マーケットコメントートランプ氏襲撃による影響を市場は精査中

投稿日: 2024年7月15日17時41分(JST)投稿. 詳細を読む JP Blog

・週末の事件を受けて米ドルに圧力
・米経済の見通しが厳しくなる中、パウエル議長は本日講演予定
・ビットコインは上昇、ゴールドも2,400ドル台を維持
・中国では本日「3中総会」開幕

トランプ氏への襲撃の影響を市場は消化中

市場は、週末の米大統領候補トランプ氏を巡る出来事を消化しており、本日は静かなスタートとなりました。ペンシルベニア州での共和党の集会でのトランプ氏襲撃は、米国の古い歴史の一部を呼び起こしました。この襲撃による11月の大統領選への影響については、多くの憶測が飛び交っており、一部のアナリストは、トランプ氏が2期目の大統領に選出される可能性が高まったと予想しています。

トランプ氏が再び大統領となる場合、関税を含む貿易において他国と関係が悪化する可能性もあり、その結果インフレ圧力が加速するかもしれません。原則的には、FRBとしては11月の大統領選まで、利下げに関する決定を先延ばしせざるを得なくなる可能性があることを意味します。本日は、パウエル議長とサンフランシスコ連銀デーリー総裁が講演する予定ですが、政治に関する発言をするとは考えにくいでしょう。その代わりに、特に9月での利下げ観測を高める結果となった先週の米CPI指数など、おそらく最近の軟調な米経済データに焦点を当てた内容となるかもしれません。

本日の経済カレンダーはニューヨーク連銀製造業景気指数の発表があり、それほど忙しくはありません。しかし今週は、明日の米小売売上高と水曜日の英CPI指数、そして、木曜日にはECBの金利政策会合と忙しくなりそうです。今週のECBの会合では、ラガルド総裁は今後の方針を約束するような状況を避ける可能性が高いことから、市場への影響は比較的低いと予想されています。ただし、9月での追加利下げは依然として織り込まれており、FRBがその1週間後に利下げに踏み切るのではと見られています。

トランプ氏襲撃後の市場の反応

ユーロ/ドルが金曜日の終値からの差を縮めて本日開場したことで、米ドルに圧力がかかっています。本日は日本の祝日で、アジアセッションは流動性が少ない状況となっています。先週日銀が円をサポートするべく実際に介入を行ったと市場が確信する中、ドル/円は、引き続き158円辺りで取引されています。

昨日のユーロ2024決勝でのイングランドの敗戦と、イングランド銀行のディングラ委員によるハト派的なコメントにもかかわらず、ポンドはユーロに対して上昇しています。ゴールドは、米ドルのパフォーマンスと、イスラエルとハマス間での停戦交渉に注目する中、引き続き2,400ドルを超えて取引されています。
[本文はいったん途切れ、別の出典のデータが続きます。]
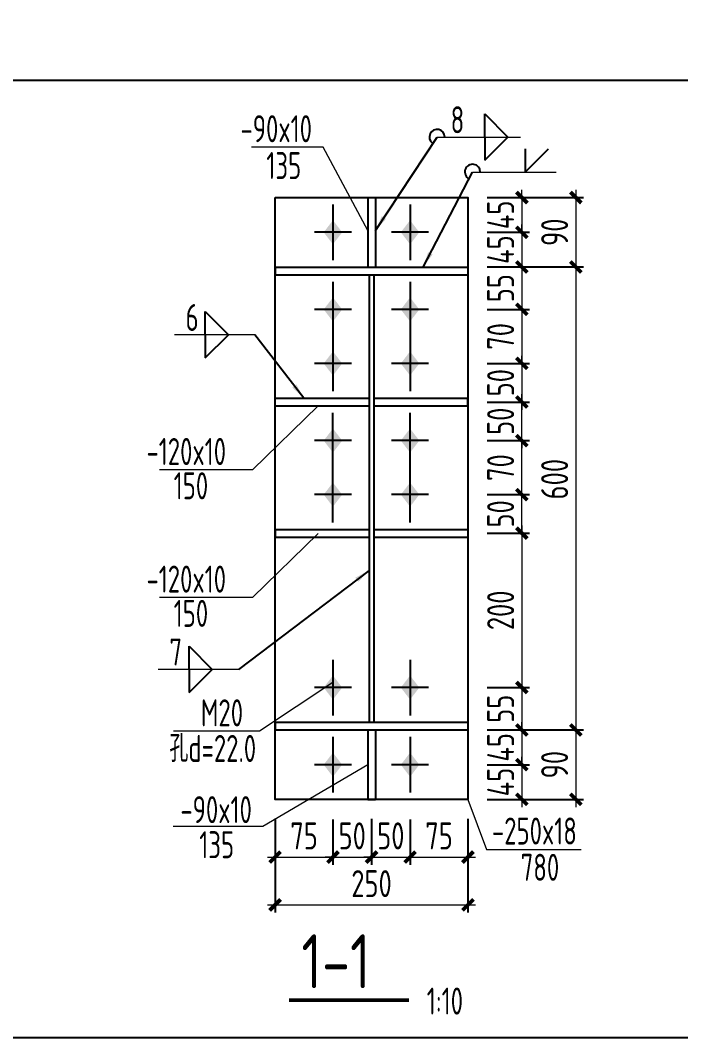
# Model space of a CAD drawing. Extents: x -2746917 to -971774, y -3334247 to -3250358.
# Drawn here: x -1076894 to -1068333, y -3302103 to -3288919 of the extents above; entities that cross this region are included whole.
import ezdxf

# ---------------------------------------------------------------- set-up
doc = ezdxf.new("R2010")
doc.units = 0
doc.header["$LTSCALE"] = 1000
doc.header["$MEASUREMENT"] = 0
doc.header["$PDMODE"] = 35
doc.linetypes.add('DOTE', pattern=[2.42, 2, -0.2, 0.02, -0.2])
doc.layers.get('0').update_dxf_attribs({"linetype": 'CONTINUOUS'})
doc.layers.get('Defpoints').update_dxf_attribs({"linetype": 'CONTINUOUS'})
for name, color, linetype in [('10', 7, 'CONTINUOUS'), ('AXIS', 253, 'DOTE'), ('COLU', 7, 'CONTINUOUS'), ('DIM', 3, 'CONTINUOUS'), ('NUM', 7, 'CONTINUOUS'), ('TEXT', 7, 'CONTINUOUS'), ('WALL', 5, 'CONTINUOUS'), ('WELD', 7, 'CONTINUOUS')]:
    doc.layers.add(name, color=color, linetype=linetype)
doc.styles.add('TSSD_Dimension', font='tssdeng.shx', dxfattribs={"width": 0.75, "bigfont": 'Hztxt.shx'})
doc.styles.add('TSSD_Label', font='tssdeng.shx', dxfattribs={"width": 0.75, "bigfont": 'hztxt.shx'})
doc.styles.add('TSSD_Rein', font='Tssdeng.shx', dxfattribs={"width": 0.75, "bigfont": 'hztxt.shx'})
doc.dimstyles.new('TSSD_10_100', dxfattribs={"dimtxt": 350, "dimasz": 100, "dimexe": 100, "dimexo": 250, "dimgap": 100, "dimtad": 1, "dimdec": 0, "dimlfac": 0.1, "dimzin": 0, "dimdsep": 46, "dimtxsty": 'TSSD_Dimension', "dimblk": 'ARCHTICK', "dimcen": 0, "dimdle": 100, "dimclrt": 7, "dimadec": 0, "dimazin": 0, "dimtfac": 1, "dimtdec": 0, "dimtix": 1, "dimtmove": 2, "dimatfit": 3, "dimldrblk": 'ARCHTICK', "dimfxl": 1, "dimtolj": 1, "dimtzin": 0, "dimlwd": 5, "dimarcsym": 0})
doc.dimstyles.new('TSSD_50_100', dxfattribs={"dimtxt": 350, "dimasz": 100, "dimexe": 100, "dimexo": 250, "dimgap": 100, "dimtad": 1, "dimdec": 0, "dimlfac": 0.5, "dimzin": 0, "dimdsep": 46, "dimtxsty": 'TSSD_Dimension', "dimblk": 'ARCHTICK', "dimcen": 0, "dimdle": 100, "dimclrt": 7, "dimadec": 0, "dimazin": 0, "dimtfac": 1, "dimtdec": 0, "dimtix": 1, "dimtmove": 2, "dimatfit": 3, "dimfxl": 1, "dimtolj": 1, "dimtzin": 0, "dimarcsym": 0})
doc.dimstyles.new('TSSD_LEADER_STYLE_200.0', dxfattribs={"dimtxt": 700, "dimasz": 200, "dimexe": 200, "dimexo": 500, "dimgap": 0.09, "dimtad": 0, "dimtih": 1, "dimtoh": 1, "dimdec": 4, "dimzin": 0, "dimdsep": 46, "dimtxsty": 'Standard', "dimcen": 0.09, "dimdle": 200, "dimclrt": 7, "dimadec": 0, "dimazin": 0, "dimtfac": 1, "dimtdec": 4, "dimtofl": 0, "dimtmove": 0, "dimatfit": 3, "dimfxl": 1, "dimtolj": 1, "dimtzin": 0, "dimarcsym": 0})

# ---------------------------------------------------------------- blocks, each defined once
blk = doc.blocks.new('_ArchTick')
at = {"color": 0, "const_width": 0.5}
blk.add_lwpolyline([(-0.71, -0.71), (0.71, 0.71)], dxfattribs=at)
blk = doc.blocks.new('*D22')
at = {"layer": 'Defpoints', "color": 0, "ltscale": 1.5}
for p in [(-1080311, -3288919), (-1035311, -3289019), (-1035311, -3289693)]:
    blk.add_point(p, dxfattribs=at)
at = {"layer": 'DIM', "color": 0, "lineweight": -2, "ltscale": 1.5}
for p, q in [((-1080311, -3289169), (-1080311, -3289793)), ((-1035311, -3289269), (-1035311, -3289793)), ((-1080411, -3289693), (-1035211, -3289693))]:
    blk.add_line(p, q, dxfattribs=at)
at = {"layer": 'DIM', "color": 0, "lineweight": -2, "ltscale": 1.5, "xscale": 100, "yscale": 100, "zscale": 100, "rotation": 180}
blk.add_blockref('_ArchTick', (-1080311, -3289693), dxfattribs=at)
at = {"layer": 'DIM', "color": 0, "lineweight": -2, "ltscale": 1.5, "xscale": 100, "yscale": 100, "zscale": 100}
blk.add_blockref('_ArchTick', (-1035311, -3289693), dxfattribs=at)
at = {"layer": 'DIM', "color": 7, "ltscale": 1.5, "insert": (-1057811, -3289418), "char_height": 350, "attachment_point": 5, "style": 'TSSD_Dimension'}
blk.add_mtext('\\A1;22500', dxfattribs=at)
blk = doc.blocks.new('A$C5C7C78FF')
at = {"layer": '10', "color": 0}
blk.add_solid([(27, -141, -192), (-73, -11, -192), (127, -11, -192), (27, 119, -192)], dxfattribs=at)
at = {"layer": 'AXIS', "color": 0, "linetype": 'ByBlock'}
for p, q in [((27, -311, -192), (27, 289, -192)), ((227, -11, -192), (-173, -11, -192))]:
    blk.add_line(p, q, dxfattribs=at)
blk = doc.blocks.new('*D722')
at = {"layer": 'Defpoints', "color": 0}
for p in [(-1071091, -3291215), (-1071091, -3291665), (-1070392, -3291665)]:
    blk.add_point(p, dxfattribs=at)
at = {"layer": 'DIM', "color": 0, "lineweight": 5}
for p, q in [((-1070392, -3291215), (-1070392, -3291115)), ((-1070392, -3291215), (-1070392, -3291665)), ((-1070392, -3291665), (-1070392, -3291765))]:
    blk.add_line(p, q, dxfattribs=at)
at = {"layer": 'DIM', "color": 0, "lineweight": -2}
for p, q in [((-1070841, -3291215), (-1070292, -3291215)), ((-1070841, -3291665), (-1070292, -3291665))]:
    blk.add_line(p, q, dxfattribs=at)
at = {"layer": 'DIM', "color": 0, "lineweight": 5, "xscale": 100, "yscale": 100, "zscale": 100}
for p, rotation in [((-1070392, -3291215), 270), ((-1070392, -3291665), 90)]:
    blk.add_blockref('_ArchTick', p, dxfattribs=dict(at, rotation=rotation))
at = {"layer": 'DIM', "color": 7, "insert": (-1070667, -3291440), "char_height": 350, "attachment_point": 5, "rotation": 90, "style": 'TSSD_Dimension'}
blk.add_mtext('\\A1;45', dxfattribs=at)
blk = doc.blocks.new('*D723')
at = {"layer": 'Defpoints', "color": 0}
for p in [(-1071091, -3291665), (-1071091, -3292115), (-1070392, -3292115)]:
    blk.add_point(p, dxfattribs=at)
at = {"layer": 'DIM', "color": 0, "lineweight": 5}
for p, q in [((-1070392, -3291665), (-1070392, -3291565)), ((-1070392, -3291665), (-1070392, -3292115)), ((-1070392, -3292115), (-1070392, -3292215))]:
    blk.add_line(p, q, dxfattribs=at)
at = {"layer": 'DIM', "color": 0, "lineweight": -2}
for p, q in [((-1070841, -3291665), (-1070292, -3291665)), ((-1070841, -3292115), (-1070292, -3292115))]:
    blk.add_line(p, q, dxfattribs=at)
at = {"layer": 'DIM', "color": 0, "lineweight": 5, "xscale": 100, "yscale": 100, "zscale": 100}
for p, rotation in [((-1070392, -3291665), 270), ((-1070392, -3292115), 90)]:
    blk.add_blockref('_ArchTick', p, dxfattribs=dict(at, rotation=rotation))
at = {"layer": 'DIM', "color": 7, "insert": (-1070667, -3291890), "char_height": 350, "attachment_point": 5, "rotation": 90, "style": 'TSSD_Dimension'}
blk.add_mtext('\\A1;45', dxfattribs=at)
blk = doc.blocks.new('*D724')
at = {"layer": 'Defpoints', "color": 0}
for p in [(-1071091, -3292115), (-1071091, -3292665), (-1070392, -3292665)]:
    blk.add_point(p, dxfattribs=at)
at = {"layer": 'DIM', "color": 0, "lineweight": 5}
blk.add_line((-1070392, -3292015), (-1070392, -3292765), dxfattribs=at)
at = {"layer": 'DIM', "color": 0, "lineweight": -2}
for p, q in [((-1070841, -3292115), (-1070292, -3292115)), ((-1070841, -3292665), (-1070292, -3292665))]:
    blk.add_line(p, q, dxfattribs=at)
at = {"layer": 'DIM', "color": 0, "lineweight": 5, "xscale": 100, "yscale": 100, "zscale": 100}
for p, rotation in [((-1070392, -3292115), 90), ((-1070392, -3292665), 270)]:
    blk.add_blockref('_ArchTick', p, dxfattribs=dict(at, rotation=rotation))
at = {"layer": 'DIM', "color": 7, "insert": (-1070667, -3292390), "char_height": 350, "attachment_point": 5, "rotation": 90, "style": 'TSSD_Dimension'}
blk.add_mtext('\\A1;55', dxfattribs=at)
blk = doc.blocks.new('*D725')
at = {"layer": 'Defpoints', "color": 0}
for p in [(-1071091, -3297565), (-1071091, -3298115), (-1070392, -3298115)]:
    blk.add_point(p, dxfattribs=at)
at = {"layer": 'DIM', "color": 0, "lineweight": 5}
blk.add_line((-1070392, -3297465), (-1070392, -3298215), dxfattribs=at)
at = {"layer": 'DIM', "color": 0, "lineweight": -2}
for p, q in [((-1070841, -3297565), (-1070292, -3297565)), ((-1070841, -3298115), (-1070292, -3298115))]:
    blk.add_line(p, q, dxfattribs=at)
at = {"layer": 'DIM', "color": 0, "lineweight": 5, "xscale": 100, "yscale": 100, "zscale": 100}
for p, rotation in [((-1070392, -3297565), 90), ((-1070392, -3298115), 270)]:
    blk.add_blockref('_ArchTick', p, dxfattribs=dict(at, rotation=rotation))
at = {"layer": 'DIM', "color": 7, "insert": (-1070667, -3297840), "char_height": 350, "attachment_point": 5, "rotation": 90, "style": 'TSSD_Dimension'}
blk.add_mtext('\\A1;55', dxfattribs=at)
blk = doc.blocks.new('*D726')
at = {"layer": 'Defpoints', "color": 0}
for p in [(-1071091, -3298115), (-1071091, -3298565), (-1070392, -3298565)]:
    blk.add_point(p, dxfattribs=at)
at = {"layer": 'DIM', "color": 0, "lineweight": -2}
for p, q in [((-1070841, -3298115), (-1070292, -3298115)), ((-1070841, -3298565), (-1070292, -3298565))]:
    blk.add_line(p, q, dxfattribs=at)
at = {"layer": 'DIM', "color": 0, "lineweight": 5}
for p, q in [((-1070392, -3298115), (-1070392, -3298015)), ((-1070392, -3298115), (-1070392, -3298565)), ((-1070392, -3298565), (-1070392, -3298665))]:
    blk.add_line(p, q, dxfattribs=at)
at = {"layer": 'DIM', "color": 0, "lineweight": 5, "xscale": 100, "yscale": 100, "zscale": 100}
for p, rotation in [((-1070392, -3298115), 270), ((-1070392, -3298565), 90)]:
    blk.add_blockref('_ArchTick', p, dxfattribs=dict(at, rotation=rotation))
at = {"layer": 'DIM', "color": 7, "insert": (-1070667, -3298340), "char_height": 350, "attachment_point": 5, "rotation": 90, "style": 'TSSD_Dimension'}
blk.add_mtext('\\A1;45', dxfattribs=at)
blk = doc.blocks.new('*D727')
at = {"layer": 'Defpoints', "color": 0}
for p in [(-1071091, -3298565), (-1071091, -3299015), (-1070392, -3299015)]:
    blk.add_point(p, dxfattribs=at)
at = {"layer": 'DIM', "color": 0, "lineweight": 5}
for p, q in [((-1070392, -3298565), (-1070392, -3298465)), ((-1070392, -3298565), (-1070392, -3299015)), ((-1070392, -3299015), (-1070392, -3299115))]:
    blk.add_line(p, q, dxfattribs=at)
at = {"layer": 'DIM', "color": 0, "lineweight": -2}
for p, q in [((-1070841, -3298565), (-1070292, -3298565)), ((-1070841, -3299015), (-1070292, -3299015))]:
    blk.add_line(p, q, dxfattribs=at)
at = {"layer": 'DIM', "color": 0, "lineweight": 5, "xscale": 100, "yscale": 100, "zscale": 100}
for p, rotation in [((-1070392, -3298565), 270), ((-1070392, -3299015), 90)]:
    blk.add_blockref('_ArchTick', p, dxfattribs=dict(at, rotation=rotation))
at = {"layer": 'DIM', "color": 7, "insert": (-1070667, -3298790), "char_height": 350, "attachment_point": 5, "rotation": 90, "style": 'TSSD_Dimension'}
blk.add_mtext('\\A1;45', dxfattribs=at)
blk = doc.blocks.new('*D728')
at = {"layer": 'Defpoints', "color": 0}
for p in [(-1073591, -3299014), (-1072841, -3299026), (-1072841, -3299763)]:
    blk.add_point(p, dxfattribs=at)
at = {"layer": 'DIM', "color": 0, "lineweight": -2}
for p, q in [((-1073591, -3299264), (-1073591, -3299863)), ((-1072841, -3299276), (-1072841, -3299863))]:
    blk.add_line(p, q, dxfattribs=at)
at = {"layer": 'DIM', "color": 0, "lineweight": 5}
blk.add_line((-1073691, -3299763), (-1072741, -3299763), dxfattribs=at)
at = {"layer": 'DIM', "color": 0, "lineweight": 5, "xscale": 100, "yscale": 100, "zscale": 100, "rotation": 180}
blk.add_blockref('_ArchTick', (-1073591, -3299763), dxfattribs=at)
at = {"layer": 'DIM', "color": 0, "lineweight": 5, "xscale": 100, "yscale": 100, "zscale": 100}
blk.add_blockref('_ArchTick', (-1072841, -3299763), dxfattribs=at)
at = {"layer": 'DIM', "color": 7, "insert": (-1073216, -3299488), "char_height": 350, "attachment_point": 5, "style": 'TSSD_Dimension'}
blk.add_mtext('\\A1;75', dxfattribs=at)
blk = doc.blocks.new('*D729')
at = {"layer": 'Defpoints', "color": 0}
for p in [(-1072841, -3299026), (-1072341, -3299015), (-1072341, -3299763)]:
    blk.add_point(p, dxfattribs=at)
at = {"layer": 'DIM', "color": 0, "lineweight": -2}
for p, q in [((-1072841, -3299276), (-1072841, -3299863)), ((-1072341, -3299265), (-1072341, -3299863))]:
    blk.add_line(p, q, dxfattribs=at)
at = {"layer": 'DIM', "color": 0, "lineweight": 5}
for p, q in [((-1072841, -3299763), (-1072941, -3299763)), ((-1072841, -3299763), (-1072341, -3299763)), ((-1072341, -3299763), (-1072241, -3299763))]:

注目すべきは、ビットコインが最新の動向から最も恩恵を受けているようで、現在62,000ドルを突破して上昇しており、今月初めの調整を帳消しにしています。

中国経済の低調さ長引く

一方で、中国からの一連の経済データが本日発表となり、重要なことに、今年2四半期目のGDPが年間成長率4.7%と中国政府の目標である5%を下回り、小売売上高も前年比でわずか2%まで低下しました。特に小売売上高の低下は、住宅セクターの低迷によって個人の消費が制限される結果を反映しました。実際に、6月の住宅価格指数は、前年比4.5%の下落を示し、2015年7月以来の大幅な低下となりました。

本日15日から18日まで、中国共産党による第20期中央委員会第3回総会(3中総会)が開催されており、主な議題は需要の低迷に関する状況についてです。住宅セクターの動向も分析される可能性が高く、市場は本会議にて、さらなる支援策が発表されると予想しています。今年5月の住宅セクターを支援する取り組みが、まだ市場に影響を及ぼしていないことを鑑みると、政府の責任としては、早急に対応することであると言えそうです。